In many cases in the past two years, models have exceeded human expert performance, and for many of these evals, they're pretty much saturated. So, this is a pretty exciting time for science. But it's also a double-edged sword. This could increase the risk of harm from biology, deliberate or accidental, by making this rare expertise commonplace. Without mitigations, models could provide easy to access novice uplift. And in the very worst case, a misaligned AI system or a bad actor could create a novel pandemic as a catastrophic vector of attack.
So, but that being said, one common trend about this entire conversation is that there's a lot of uncertainty as to what models are actually capable of. SecureBio happens to be one of the few organizations working at this intersection to figure exactly that out. So how do we go about building an eval? Well, when it comes to that, our main goal for one individual eval is to measure one specific capability. In this way, we can put together a suite of evals that measures the relevant capabilities for one certain vector of attack. These capabilities could be something like bio tool use, or wet lab uplift. And our hope is that this covers a broad spectrum of threats. And if the relevant threat changes in the future, or some other vector of attack becomes more relevant, our hope is that we will have the building blocks still to determine what exactly is going on.
So let's get into some examples. Some of you might know about this. This is VCT, where we give models a scenario of a virology wet lab question to troubleshoot. We give them the necessary information and we ask them, “Okay, in this scenario, which of these factors should I change?
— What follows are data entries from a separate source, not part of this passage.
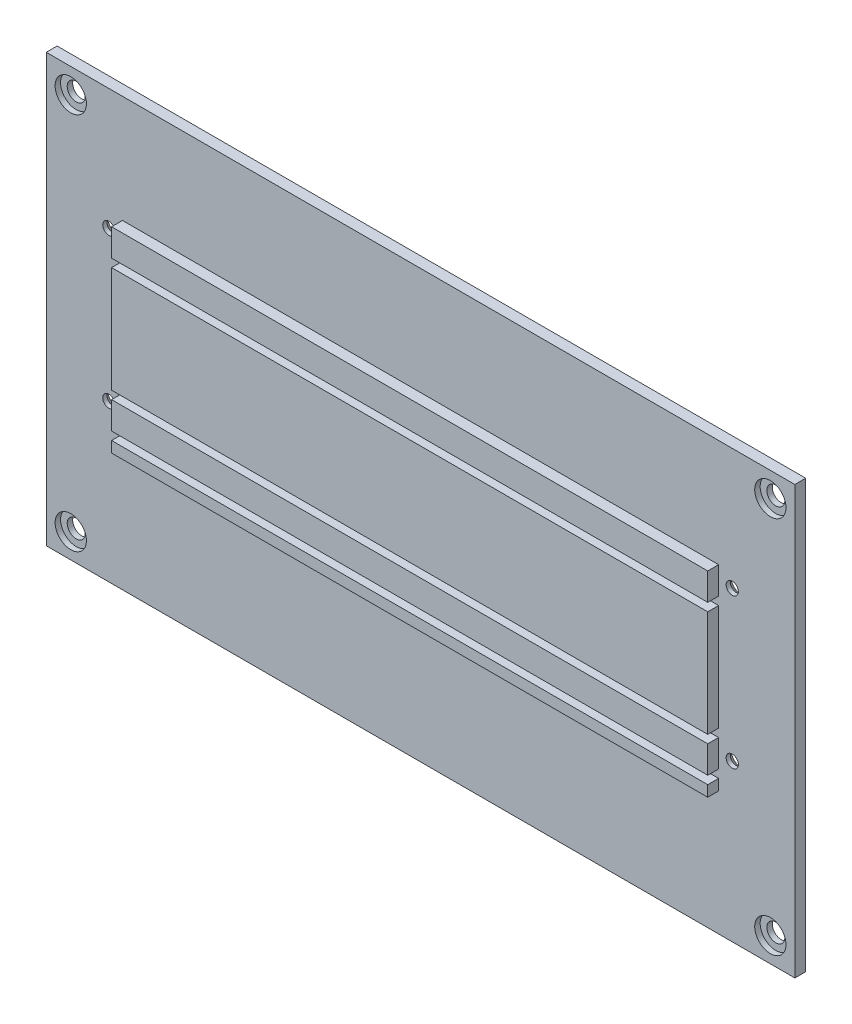
SolidWorks part; units mm, degrees
ref_plane "Plan de face" through (0, 0, 0) normal (0, 0, 1) x (1, 0, 0)
ref_plane "Plan de dessus" through (0, 0, 0) normal (0, 1, 0) x (1, 0, 0)
ref_plane "Plan de droite" through (0, 0, 0) normal (1, 0, 0) x (0, 0, -1)
sketch "Esquisse4" plane through (0, 0, 0) normal (0, 0, 1) x (1, 0, 0)
  line L0 (-137.5, 78.5) -> (-137.5, -78.5)
  line L1 (-137.5, -78.5) -> (137.5, -78.5)
  line L2 (0, -2.2) -> (0, 2.2) construction
  line L3 (137.5, 78.5) -> (137.5, -78.5)
  line L4 (2.2, 0) -> (-2.2, 0) construction
  line L5 (-137.5, 78.5) -> (137.5, 78.5)
  dimension "D1" = 157
  dimension "D2" = 275
extrude "Boss.-Extru.2" add sketch "Esquisse4" along normal blind 4
sketch "Esquisse5" plane through (0, 0, 0) normal (0, 0, -1) x (-1, 0, 0)
  line L0 (-114.5, 78.5) -> (-114.5, -78.5) construction
  line L1 (-137.5, 78.5) -> (137.5, 78.5) construction
  line L2 (137.5, -78.5) -> (-137.5, -78.5) construction
  line L3 (-137.5, -78.5) -> (-137.5, 78.5) construction
  line L4 (0, 2.2) -> (0, -2.2) construction
  point P8 (-114.5, 34)
  point P9 (-114.5, -21)
  point P12 (114.5, 34)
  point P13 (114.5, -21)
  dimension "D1" = 23
  dimension "D2" = 44.5
  dimension "D3" = 57.5
hole_wizard "Fraisage pour vis à tête fraisée M42" positions "Esquisse5" profile "Esquisse6" countersink size "M4" standard "Ansi Metric" end condition through all
sketch "Esquisse6" plane through (-114.5, -21, 0) normal (1, 0, 0) x (0, 1, 0)
  line L0 (0, 0) -> (0, 4)
  line L1 (0, 4) -> (2.25, 4)
  line L2 (2.25, 4) -> (2.25, 2.45)
  line L3 (2.25, 2.45) -> (4.7, 0)
  line L5 (4.7, 0) -> (0, 0)
  line L6 (-2.25, 2.45) -> (-4.7, 0) construction
  line L11 (0, -6.35) -> (0, 107.95) construction
  dimension "Diamètre du perçage jusqu'au prochain" = 4.5
  dimension "Profondeur du perçage jusqu'au prochain" = 4
  dimension "Diamètre du fraisage entrant" = 9.4
  dimension "Angle du fraisage entrant" = 90
sketch "Esquisse7" plane through (0, 0, 4) normal (0, 0, 1) x (1, 0, 0)
  line L0 (-137.5, -69.5) -> (-128.5, -69.5) construction
  line L1 (-137.5, 78.5) -> (-137.5, -78.5) construction
  line L2 (-128.5, -69.5) -> (-128.5, -78.5) construction
  line L3 (-137.5, -78.5) -> (137.5, -78.5) construction
  line L4 (2.2, 0) -> (-2.2, 0) construction
  line L5 (0, -2.2) -> (0, 2.2) construction
  point P8 (-128.5, -69.5)
  point P10 (-128.5, 69.5)
  point P14 (128.5, 69.5)
  point P15 (128.5, -69.5)
  dimension "D1" = 9
  dimension "D2" = 9
hole_wizard "Chambrage pour Vis à tête ronde à 6 pans creux M61" positions "Esquisse7" profile "Esquisse8" counterbore size "M6" standard "Ansi Metric" end condition through all
sketch "Esquisse8" plane through (128.5, -69.5, 4) normal (1, 0, 0) x (0, -1, 0)
  line L0 (0, 0) -> (0, 4)
  line L1 (0, 4) -> (3.3, 4)
  line L3 (3.3, 4) -> (3.3, 2)
  line L4 (3.3, 2) -> (5.75, 2)
  line L5 (5.75, 2) -> (5.75, 0)
  line L7 (5.75, 0) -> (0, 0)
  line L11 (0, -6.35) -> (0, 107.95) construction
  dimension "Diamètre du perçage jusqu'au prochain" = 6.6
  dimension "Profondeur du perçage jusqu'au prochain" = 4
  dimension "Diamètre du chambrage" = 11.5
  dimension "Profondeur du chambrage" = 2
sketch "Esquisse9" plane through (0, 0, 4) normal (0, 0, 1) x (1, 0, 0)
  line L0 (114.5, -21) -> (115.5, -21) construction
  line L1 (115.5, -21) -> (115.5, -26) construction
  line L2 (115.5, -26) -> (115.5, -29)
  line L3 (115.5, -29) -> (109.5, -29)
  line L4 (109.5, -29) -> (109.5, -33)
  line L5 (115.5, -26) -> (109.5, -26)
  line L6 (109.5, -26) -> (109.5, -16)
  line L7 (109.5, -16) -> (115.5, -16)
  line L8 (115.5, -16) -> (115.5, -13)
  line L9 (115.5, -13) -> (109.5, -13)
  line L10 (109.5, -13) -> (109.5, 26)
  line L11 (109.5, 26) -> (115.5, 26)
  line L12 (115.5, 26) -> (115.5, 29)
  line L13 (115.5, 29) -> (109.5, 29)
  line L14 (109.5, 29) -> (109.5, 39)
  line L15 (109.5, 39) -> (-109.5, 39)
  line L16 (109.5, -33) -> (-109.5, -33)
  line L17 (0, -2.2) -> (0, 2.2) construction
  line L18 (-109.5, 29) -> (-109.5, 39)
  line L19 (-115.5, 29) -> (-109.5, 29)
  line L20 (-115.5, 26) -> (-115.5, 29)
  line L21 (-109.5, 26) -> (-115.5, 26)
  line L22 (-109.5, -13) -> (-109.5, 26)
  line L23 (-115.5, -13) -> (-109.5, -13)
  line L24 (-115.5, -16) -> (-115.5, -13)
  line L25 (-109.5, -16) -> (-115.5, -16)
  line L26 (-109.5, -26) -> (-109.5, -16)
  line L27 (-115.5, -26) -> (-109.5, -26)
  line L28 (-115.5, -26) -> (-115.5, -29)
  line L29 (-115.5, -29) -> (-109.5, -29)
  line L30 (-109.5, -29) -> (-109.5, -33)
  line L31 (-109.5, 29) -> (109.5, 29)
  line L32 (109.5, 26) -> (-109.5, 26)
  line L33 (109.5, -26) -> (-109.5, -26)
  line L34 (-109.5, -29) -> (109.5, -29)
  line L35 (-109.5, -13) -> (109.5, -13)
  line L36 (109.5, -16) -> (-109.5, -16)
  point P19 (0, 39)
  point P35 (0, -33)
  dimension "D1" = 1
  dimension "D2" = 5
  dimension "D3" = 3
  dimension "D4" = 6
  dimension "D5" = 4
  dimension "D6" = 10
  dimension "D7" = 39
extrude "Boss.-Extru.3" add sketch "Esquisse9" along normal blind 4 contours L18 L31 L14 L15 | L22 L35 L10 L32 | L6 L36 L26 L33 | L34 L30 L16 L4

Which ones are relevant, which ones aren't?” What we find is that models are pretty capable of matching human expert performance. In fact, GPT-4o was able to match the median expert performance of virologists in their narrow area of expertise. So this is one eval that looks pretty similar to other evals that you might have seen in the past, but it's also pretty limited. This only measures single-turn conversations.
So what else can we assess? Well, we can also assess an AGI agent's ability to carry out bio tasks directly. This is ABC-Bench, another example of a suite of evals where we ask the agents to carry out, or write scripts or protocols, for carrying out one-off bio tasks. And what we found is that models, at least those that don't refuse, also can match human median expert performance. We've even validated some of these generated protocols in the wet lab setting themselves.
We've also developed another suite of evals called ABLE where we were able to see that AI models are making it easier to use bio AI tools like AlphaFold. If you want to know more about this, come by our poster which is right outside that door. So how does this integrate into the broader eval and alignment space? Well, one common trend that we've been seeing is that eval trends more broadly in other domains also seem to be lining up with bio. So if you have any sense about where capabilities might be going, chances are they also apply to bio, and they also apply to our work, and we would love to know more.
Secondly, we spent a lot of time trying to iron out this process so that we're accurately measuring the one capability that we want to measure. So if you want to know more about that, please come talk to us. We also have some really good thoughts about the next generation of evals beyond human expert performance. But that's going to require a new set of tools and a comprehensive conversation about what that will look like. So if you want to know more, if you have any thoughts about bio evals or our work in general, please come see me or my colleagues Jake and Samira. We will be here all week. Thank you.